Though the apology lacked sincerity, the night snack made up for it; Dominic reluctantly accepted the penance on behalf of the Heavenly Father.

With the fog of waking and a throbbing back of his head, he pondered for a long while, slowly remembering to ask whether he’d spoken any strange words in his sleep.

Just as he considered how to phrase the question, a violent flash of white replaced the darkness—brief, blinding—etching every twisted branch and twig in sharp detail, while distant mountain peaks cast twisted, looming shadows toward them.
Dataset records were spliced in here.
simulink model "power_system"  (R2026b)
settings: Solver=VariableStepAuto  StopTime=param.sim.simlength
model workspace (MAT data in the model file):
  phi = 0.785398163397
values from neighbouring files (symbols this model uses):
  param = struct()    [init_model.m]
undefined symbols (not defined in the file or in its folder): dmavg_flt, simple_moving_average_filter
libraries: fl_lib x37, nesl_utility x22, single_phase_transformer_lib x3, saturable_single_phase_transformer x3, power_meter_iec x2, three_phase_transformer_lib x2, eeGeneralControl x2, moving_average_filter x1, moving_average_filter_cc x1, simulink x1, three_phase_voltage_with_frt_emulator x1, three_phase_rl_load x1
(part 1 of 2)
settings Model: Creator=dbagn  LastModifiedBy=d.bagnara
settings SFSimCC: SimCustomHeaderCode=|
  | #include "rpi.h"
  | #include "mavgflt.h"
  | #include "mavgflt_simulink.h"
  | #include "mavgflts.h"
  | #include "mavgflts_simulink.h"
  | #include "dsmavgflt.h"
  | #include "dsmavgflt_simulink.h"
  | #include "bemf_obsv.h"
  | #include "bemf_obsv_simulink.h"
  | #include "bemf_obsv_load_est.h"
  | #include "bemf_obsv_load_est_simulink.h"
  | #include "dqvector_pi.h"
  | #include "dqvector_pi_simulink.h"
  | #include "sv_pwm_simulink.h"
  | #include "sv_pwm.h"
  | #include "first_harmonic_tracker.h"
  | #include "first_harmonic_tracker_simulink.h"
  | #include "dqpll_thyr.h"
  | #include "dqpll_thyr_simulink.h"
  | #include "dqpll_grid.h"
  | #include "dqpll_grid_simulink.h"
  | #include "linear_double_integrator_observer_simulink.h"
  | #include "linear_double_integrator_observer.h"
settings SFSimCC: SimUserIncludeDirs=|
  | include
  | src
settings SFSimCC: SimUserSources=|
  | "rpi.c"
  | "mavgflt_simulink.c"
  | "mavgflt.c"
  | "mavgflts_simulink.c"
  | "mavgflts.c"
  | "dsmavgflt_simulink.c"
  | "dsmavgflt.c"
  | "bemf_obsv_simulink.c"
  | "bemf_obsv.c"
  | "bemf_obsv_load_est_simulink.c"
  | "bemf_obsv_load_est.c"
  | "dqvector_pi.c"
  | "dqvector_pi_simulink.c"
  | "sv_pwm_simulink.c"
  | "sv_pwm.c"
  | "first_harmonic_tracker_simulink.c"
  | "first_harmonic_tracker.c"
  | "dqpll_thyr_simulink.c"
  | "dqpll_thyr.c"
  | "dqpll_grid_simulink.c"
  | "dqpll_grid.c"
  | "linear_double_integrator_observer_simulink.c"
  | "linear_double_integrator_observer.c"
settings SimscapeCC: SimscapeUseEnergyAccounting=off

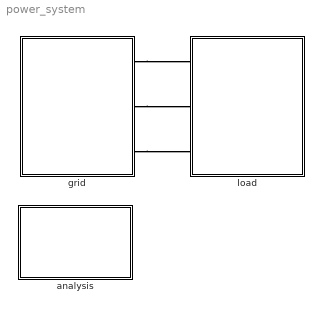
== system power_system ==
  analysis : Subsystem
  grid : Subsystem
  load : Subsystem
  connections:
  grid/RConn1 -- load/LConn1
  grid/RConn2 -- load/LConn2
  grid/RConn3 -- load/LConn3

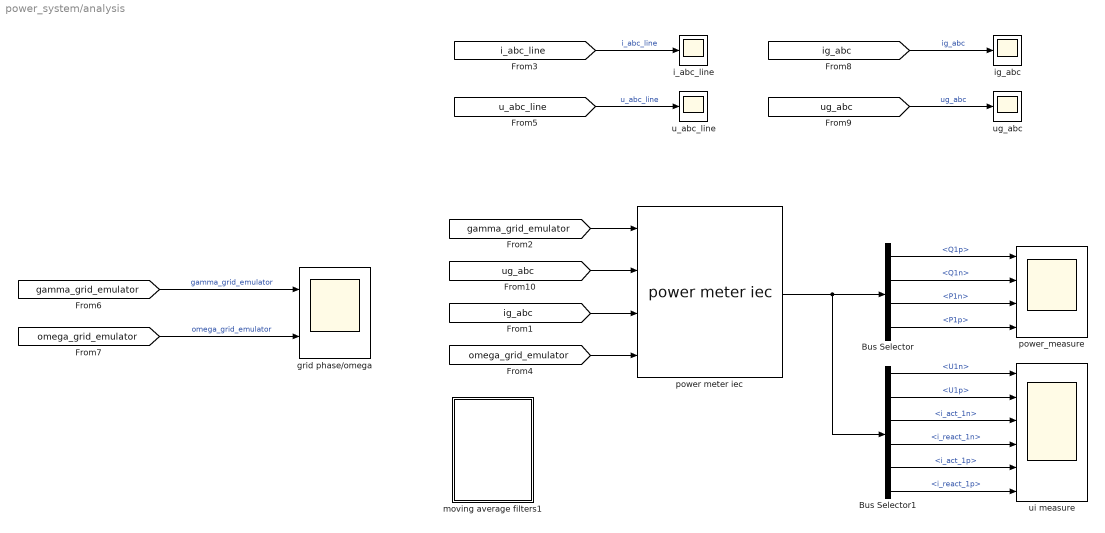
== system power_system/analysis ==
  Bus Selector : BusSelector  OutputSignals=Q1p,Q1n,P1n,P1p
  Bus Selector1 : BusSelector  OutputSignals=U1n,U1p,i_act_1n,i_react_1n,i_act_1p,i_react_1p
  grid phase/omega : Scope  NumInputPorts=2
      settings: ActiveDisplayYMinimum=-3.926953707550084  ActiveDisplayYMaximum=3.9269067422486352  DataLoggingVariableName=ScopeData3
  i_abc_line : Scope
      settings: ActiveDisplayYMinimum=-68.948090283299308  ActiveDisplayYMaximum=59.727285723031869  DataLoggingVariableName=ScopeData4
  ig_abc : Scope
      settings: ActiveDisplayYMinimum=-1  ActiveDisplayYMaximum=1  DataLoggingVariableName=ScopeData6
  moving average filters1 : Subsystem
  power meter iec : power_meter_iec/power meter iec  period=10/param.grid.emu.fgrid_nom  ts=param.glb_time.tc  enable_time=0.025
  power_measure : Scope  NumInputPorts=4
      settings: ActiveDisplayYMinimum=-20130.529238289768  ActiveDisplayYMaximum=181174.76314460795
  u_abc_line : Scope
      settings: ActiveDisplayYMinimum=-704.22830105013838  ActiveDisplayYMaximum=704.22830105010917  DataLoggingVariableName=ScopeData5
  ug_abc : Scope
      settings: ActiveDisplayYMinimum=-698.03378054285679  ActiveDisplayYMaximum=698.02521447934464  DataLoggingVariableName=ScopeData7
  ui measure : Scope  NumInputPorts=6
      settings: ActiveDisplayString=6  ActiveDisplayYMinimum=48.674141527663735  ActiveDisplayYMaximum=144.89470062623792
  wires:
  Bus Selector1/5 -> ui measure/5  "<i_act_1p>"
  Bus Selector/2 -> power_measure/2  "<Q1n>"
  [u_abc_line] -> u_abc_line/1  "u_abc_line"
  [i_abc_line] -> i_abc_line/1  "i_abc_line"
  [ig_abc] -> ig_abc/1  "ig_abc"
  [ug_abc] -> ug_abc/1  "ug_abc"
  Bus Selector1/3 -> ui measure/3  "<i_act_1n>"
  Bus Selector/1 -> power_measure/1  "<Q1p>"
  Bus Selector1/6 -> ui measure/6  "<i_react_1p>"
  Bus Selector1/4 -> ui measure/4  "<i_react_1n>"
  [ug_abc] -> power meter iec/2
  Bus Selector/3 -> power_measure/3  "<P1n>"
  [omega_grid_emulator] -> power meter iec/4
  [ig_abc] -> power meter iec/3
  [gamma_grid_emulator] -> power meter iec/1
  Bus Selector1/1 -> ui measure/1  "<U1n>"
  Bus Selector/4 -> power_measure/4  "<P1p>"
  [omega_grid_emulator] -> grid phase/omega/2  "omega_grid_emulator"
  [gamma_grid_emulator] -> grid phase/omega/1  "gamma_grid_emulator"
  power meter iec/1 -> Bus Selector/1, Bus Selector1/1
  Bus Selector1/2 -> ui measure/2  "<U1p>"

Then darkness surged back like a tide, leaving afterimages that burned long in his vision.

Dominic stared blankly for a moment, realized the light came from beyond the clouds, and in half a breath leapt to the driver’s seat, snatching the reins from his dazed companion’s hands and gripping them tightly.

Soon, they heard the delayed thunder—a long, chaotic rumble, as if the mountain itself had awakened within the clouds, its rocky scales slowly grinding together, drowning out the panicked neighs of the horses.

The reins burned hot trails across his palms; finally, the two of them held them steady together. The sound faded, vanishing beyond the horizon.

Still shaken, Dominic turned his palms over to inspect the wounds, preparing to treat them temporarily with his inner lining.

But his hearing was again overwhelmed by a deafening roar—the reins slipped from his grasp, and the cart careened wildly into the dark.

He heard his companion’s frantic shouts nearby, yelling as he tried to wrench the bridle.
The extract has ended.